SUPPLIED INFORMATION>
- Opening Delimiter -

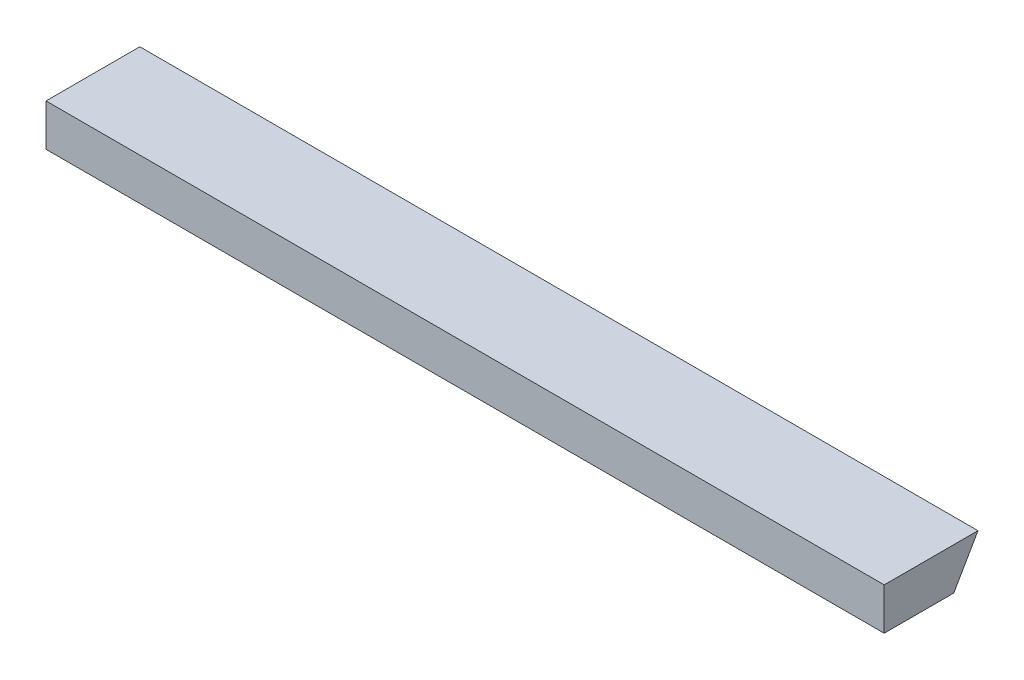
ISO-10303-21;
HEADER;
FILE_DESCRIPTION(('STEP AP214'),'2;1');
FILE_NAME('part.step','',(''),(''),'','','');
FILE_SCHEMA(('AUTOMOTIVE_DESIGN { 1 0 10303 214 1 1 1 1 }'));
ENDSEC;
DATA;
#1=APPLICATION_CONTEXT('core data for automotive mechanical design processes');
#2=APPLICATION_PROTOCOL_DEFINITION('international standard','automotive_design',2000,#1);
#3=PRODUCT_CONTEXT('',#1,'mechanical');
#4=PRODUCT('Part','Part','',(#3));
#5=PRODUCT_RELATED_PRODUCT_CATEGORY('part','',(#4));
#6=PRODUCT_DEFINITION_FORMATION('','',#4);
#7=PRODUCT_DEFINITION_CONTEXT('part definition',#1,'design');
#8=PRODUCT_DEFINITION('design','',#6,#7);
#9=PRODUCT_DEFINITION_SHAPE('','',#8);
#10=(LENGTH_UNIT() NAMED_UNIT(*) SI_UNIT(.MILLI.,.METRE.));
#11=(NAMED_UNIT(*) PLANE_ANGLE_UNIT() SI_UNIT($,.RADIAN.));
#12=(NAMED_UNIT(*) SI_UNIT($,.STERADIAN.) SOLID_ANGLE_UNIT());
#13=UNCERTAINTY_MEASURE_WITH_UNIT(LENGTH_MEASURE(1.E-05),#10,'distance_accuracy_value','');
#14=(GEOMETRIC_REPRESENTATION_CONTEXT(3) GLOBAL_UNCERTAINTY_ASSIGNED_CONTEXT((#13)) GLOBAL_UNIT_ASSIGNED_CONTEXT((#10,
#11,#12)) REPRESENTATION_CONTEXT('',''));
#15=CARTESIAN_POINT('',(0.,0.,0.));
#16=DIRECTION('',(0.,0.,1.));
#17=DIRECTION('',(1.,0.,0.));
#18=AXIS2_PLACEMENT_3D('',#15,#16,#17);
#19=CARTESIAN_POINT('',(309.664513958896,-55.6510067580703,5.2716639084455));
#20=DIRECTION('',(0.,0.500000000000003,0.866025403784437));
#21=DIRECTION('',(0.,-0.866025403784437,0.500000000000003));
#22=AXIS2_PLACEMENT_3D('',#19,#20,#21);
#23=PLANE('',#22);
#24=DIRECTION('',(-1.,0.,0.));
#25=VECTOR('',#24,1.);
#26=CARTESIAN_POINT('',(-240.,-12.,-19.9302565937248));
#27=LINE('',#26,#25);
#28=CARTESIAN_POINT('',(0.,-12.,-19.9302565937248));
#29=VERTEX_POINT('',#28);
#30=CARTESIAN_POINT('',(-240.,-12.,-19.9302565937248));
#31=VERTEX_POINT('',#30);
#32=EDGE_CURVE('E81',#29,#31,#27,.T.);
#33=ORIENTED_EDGE('',*,*,#32,.T.);
#34=DIRECTION('',(0.,0.866025403784437,-0.500000000000003));
#35=VECTOR('',#34,1.);
#36=CARTESIAN_POINT('',(-240.,-11.6300542570541,-20.1438448680002));
#37=LINE('',#36,#35);
#38=CARTESIAN_POINT('',(-240.,0.,-26.8584598240004));
#39=VERTEX_POINT('',#38);
#40=EDGE_CURVE('E84',#31,#39,#37,.T.);
#41=ORIENTED_EDGE('',*,*,#40,.T.);
#42=DIRECTION('',(1.,0.,0.));
#43=VECTOR('',#42,1.);
#44=CARTESIAN_POINT('',(-240.,0.,-26.8584598240004));
#45=LINE('',#44,#43);
#46=CARTESIAN_POINT('',(0.,0.,-26.8584598240004));
#47=VERTEX_POINT('',#46);
#48=EDGE_CURVE('E48',#39,#47,#45,.T.);
#49=ORIENTED_EDGE('',*,*,#48,.T.);
#50=DIRECTION('',(0.,0.866025403784437,-0.500000000000003));
#51=VECTOR('',#50,1.);
#52=CARTESIAN_POINT('',(0.,-11.6300542570541,-20.1438448680002));
#53=LINE('',#52,#51);
#54=EDGE_CURVE('E11',#29,#47,#53,.T.);
#55=ORIENTED_EDGE('',*,*,#54,.F.);
#56=EDGE_LOOP('',(#33,#41,#49,#55));
#57=FACE_BOUND('',#56,.T.);
#58=ADVANCED_FACE('F33',(#57),#23,.F.);
#59=CARTESIAN_POINT('',(-240.,-12.,0.));
#60=DIRECTION('',(0.,-1.,0.));
#61=DIRECTION('',(0.,0.,-1.));
#62=AXIS2_PLACEMENT_3D('',#59,#60,#61);
#63=PLANE('',#62);
#64=ORIENTED_EDGE('',*,*,#32,.F.);
#65=DIRECTION('',(0.,0.,-1.));
#66=VECTOR('',#65,1.);
#67=CARTESIAN_POINT('',(0.,-12.,0.));
#68=LINE('',#67,#66);
#69=CARTESIAN_POINT('',(0.,-12.,0.));
#70=VERTEX_POINT('',#69);
#71=EDGE_CURVE('E78',#70,#29,#68,.T.);
#72=ORIENTED_EDGE('',*,*,#71,.F.);
#73=DIRECTION('',(1.,0.,0.));
#74=VECTOR('',#73,1.);
#75=CARTESIAN_POINT('',(-240.,-12.,0.));
#76=LINE('',#75,#74);
#77=CARTESIAN_POINT('',(-240.,-12.,0.));
#78=VERTEX_POINT('',#77);
#79=EDGE_CURVE('E41',#78,#70,#76,.T.);
#80=ORIENTED_EDGE('',*,*,#79,.F.);
#81=DIRECTION('',(0.,0.,-1.));
#82=VECTOR('',#81,1.);
#83=CARTESIAN_POINT('',(-240.,-12.,0.));
#84=LINE('',#83,#82);
#85=EDGE_CURVE('E89',#78,#31,#84,.T.);
#86=ORIENTED_EDGE('',*,*,#85,.T.);
#87=EDGE_LOOP('',(#64,#72,#80,#86));
#88=FACE_BOUND('',#87,.T.);
#89=ADVANCED_FACE('F35',(#88),#63,.T.);
#90=CARTESIAN_POINT('',(-240.,0.,0.));
#91=DIRECTION('',(0.,0.,1.));
#92=DIRECTION('',(0.,-1.,0.));
#93=AXIS2_PLACEMENT_3D('',#90,#91,#92);
#94=PLANE('',#93);
#95=DIRECTION('',(0.,-1.,0.));
#96=VECTOR('',#95,1.);
#97=CARTESIAN_POINT('',(0.,0.,0.));
#98=LINE('',#97,#96);
#99=CARTESIAN_POINT('',(0.,0.,0.));
#100=VERTEX_POINT('',#99);
#101=EDGE_CURVE('E71',#100,#70,#98,.T.);
#102=ORIENTED_EDGE('',*,*,#101,.F.);
#103=DIRECTION('',(1.,0.,0.));
#104=VECTOR('',#103,1.);
#105=CARTESIAN_POINT('',(-240.,0.,0.));
#106=LINE('',#105,#104);
#107=CARTESIAN_POINT('',(-240.,0.,0.));
#108=VERTEX_POINT('',#107);
#109=EDGE_CURVE('E74',#108,#100,#106,.T.);
#110=ORIENTED_EDGE('',*,*,#109,.F.);
#111=DIRECTION('',(0.,-1.,0.));
#112=VECTOR('',#111,1.);
#113=CARTESIAN_POINT('',(-240.,0.,0.));
#114=LINE('',#113,#112);
#115=EDGE_CURVE('E73',#108,#78,#114,.T.);
#116=ORIENTED_EDGE('',*,*,#115,.T.);
#117=ORIENTED_EDGE('',*,*,#79,.T.);
#118=EDGE_LOOP('',(#102,#110,#116,#117));
#119=FACE_BOUND('',#118,.T.);
#120=ADVANCED_FACE('F68',(#119),#94,.T.);
#121=CARTESIAN_POINT('',(-240.,0.,0.));
#122=DIRECTION('',(0.,1.,0.));
#123=DIRECTION('',(0.,0.,1.));
#124=AXIS2_PLACEMENT_3D('',#121,#122,#123);
#125=PLANE('',#124);
#126=ORIENTED_EDGE('',*,*,#48,.F.);
#127=DIRECTION('',(0.,0.,1.));
#128=VECTOR('',#127,1.);
#129=CARTESIAN_POINT('',(-240.,0.,0.));
#130=LINE('',#129,#128);
#131=EDGE_CURVE('E91',#39,#108,#130,.T.);
#132=ORIENTED_EDGE('',*,*,#131,.T.);
#133=ORIENTED_EDGE('',*,*,#109,.T.);
#134=DIRECTION('',(0.,0.,1.));
#135=VECTOR('',#134,1.);
#136=CARTESIAN_POINT('',(0.,0.,0.));
#137=LINE('',#136,#135);
#138=EDGE_CURVE('E83',#47,#100,#137,.T.);
#139=ORIENTED_EDGE('',*,*,#138,.F.);
#140=EDGE_LOOP('',(#126,#132,#133,#139));
#141=FACE_BOUND('',#140,.T.);
#142=ADVANCED_FACE('F106',(#141),#125,.T.);
#143=CARTESIAN_POINT('',(-240.,0.,0.));
#144=DIRECTION('',(-1.,0.,0.));
#145=DIRECTION('',(0.,0.,1.));
#146=AXIS2_PLACEMENT_3D('',#143,#144,#145);
#147=PLANE('',#146);
#148=ORIENTED_EDGE('',*,*,#40,.F.);
#149=ORIENTED_EDGE('',*,*,#85,.F.);
#150=ORIENTED_EDGE('',*,*,#115,.F.);
#151=ORIENTED_EDGE('',*,*,#131,.F.);
#152=EDGE_LOOP('',(#148,#149,#150,#151));
#153=FACE_BOUND('',#152,.T.);
#154=ADVANCED_FACE('F104',(#153),#147,.T.);
#155=CARTESIAN_POINT('',(0.,0.,0.));
#156=DIRECTION('',(-1.,0.,0.));
#157=DIRECTION('',(0.,0.,1.));
#158=AXIS2_PLACEMENT_3D('',#155,#156,#157);
#159=PLANE('',#158);
#160=ORIENTED_EDGE('',*,*,#71,.T.);
#161=ORIENTED_EDGE('',*,*,#54,.T.);
#162=ORIENTED_EDGE('',*,*,#138,.T.);
#163=ORIENTED_EDGE('',*,*,#101,.T.);
#164=EDGE_LOOP('',(#160,#161,#162,#163));
#165=FACE_BOUND('',#164,.T.);
#166=ADVANCED_FACE('F86',(#165),#159,.F.);
#167=CLOSED_SHELL('',(#58,#89,#120,#142,#154,#166));
#168=MANIFOLD_SOLID_BREP('B2',#167);
#169=ADVANCED_BREP_SHAPE_REPRESENTATION('',(#18,#168),#14);
#170=SHAPE_DEFINITION_REPRESENTATION(#9,#169);
ENDSEC;
END-ISO-10303-21;

- Closing Delimiter -

EXERCISE DIRECTIONS> The lines to reproduce run from the one containing "#161=ORIENTED_EDGE('',*,*,#54,.T.);" to the last line of the listing; print them exactly, including both ends.

TASK SOLUTION>
#161=ORIENTED_EDGE('',*,*,#54,.T.);
#162=ORIENTED_EDGE('',*,*,#138,.T.);
#163=ORIENTED_EDGE('',*,*,#101,.T.);
#164=EDGE_LOOP('',(#160,#161,#162,#163));
#165=FACE_BOUND('',#164,.T.);
#166=ADVANCED_FACE('F86',(#165),#159,.F.);
#167=CLOSED_SHELL('',(#58,#89,#120,#142,#154,#166));
#168=MANIFOLD_SOLID_BREP('B2',#167);
#169=ADVANCED_BREP_SHAPE_REPRESENTATION('',(#18,#168),#14);
#170=SHAPE_DEFINITION_REPRESENTATION(#9,#169);
ENDSEC;
END-ISO-10303-21;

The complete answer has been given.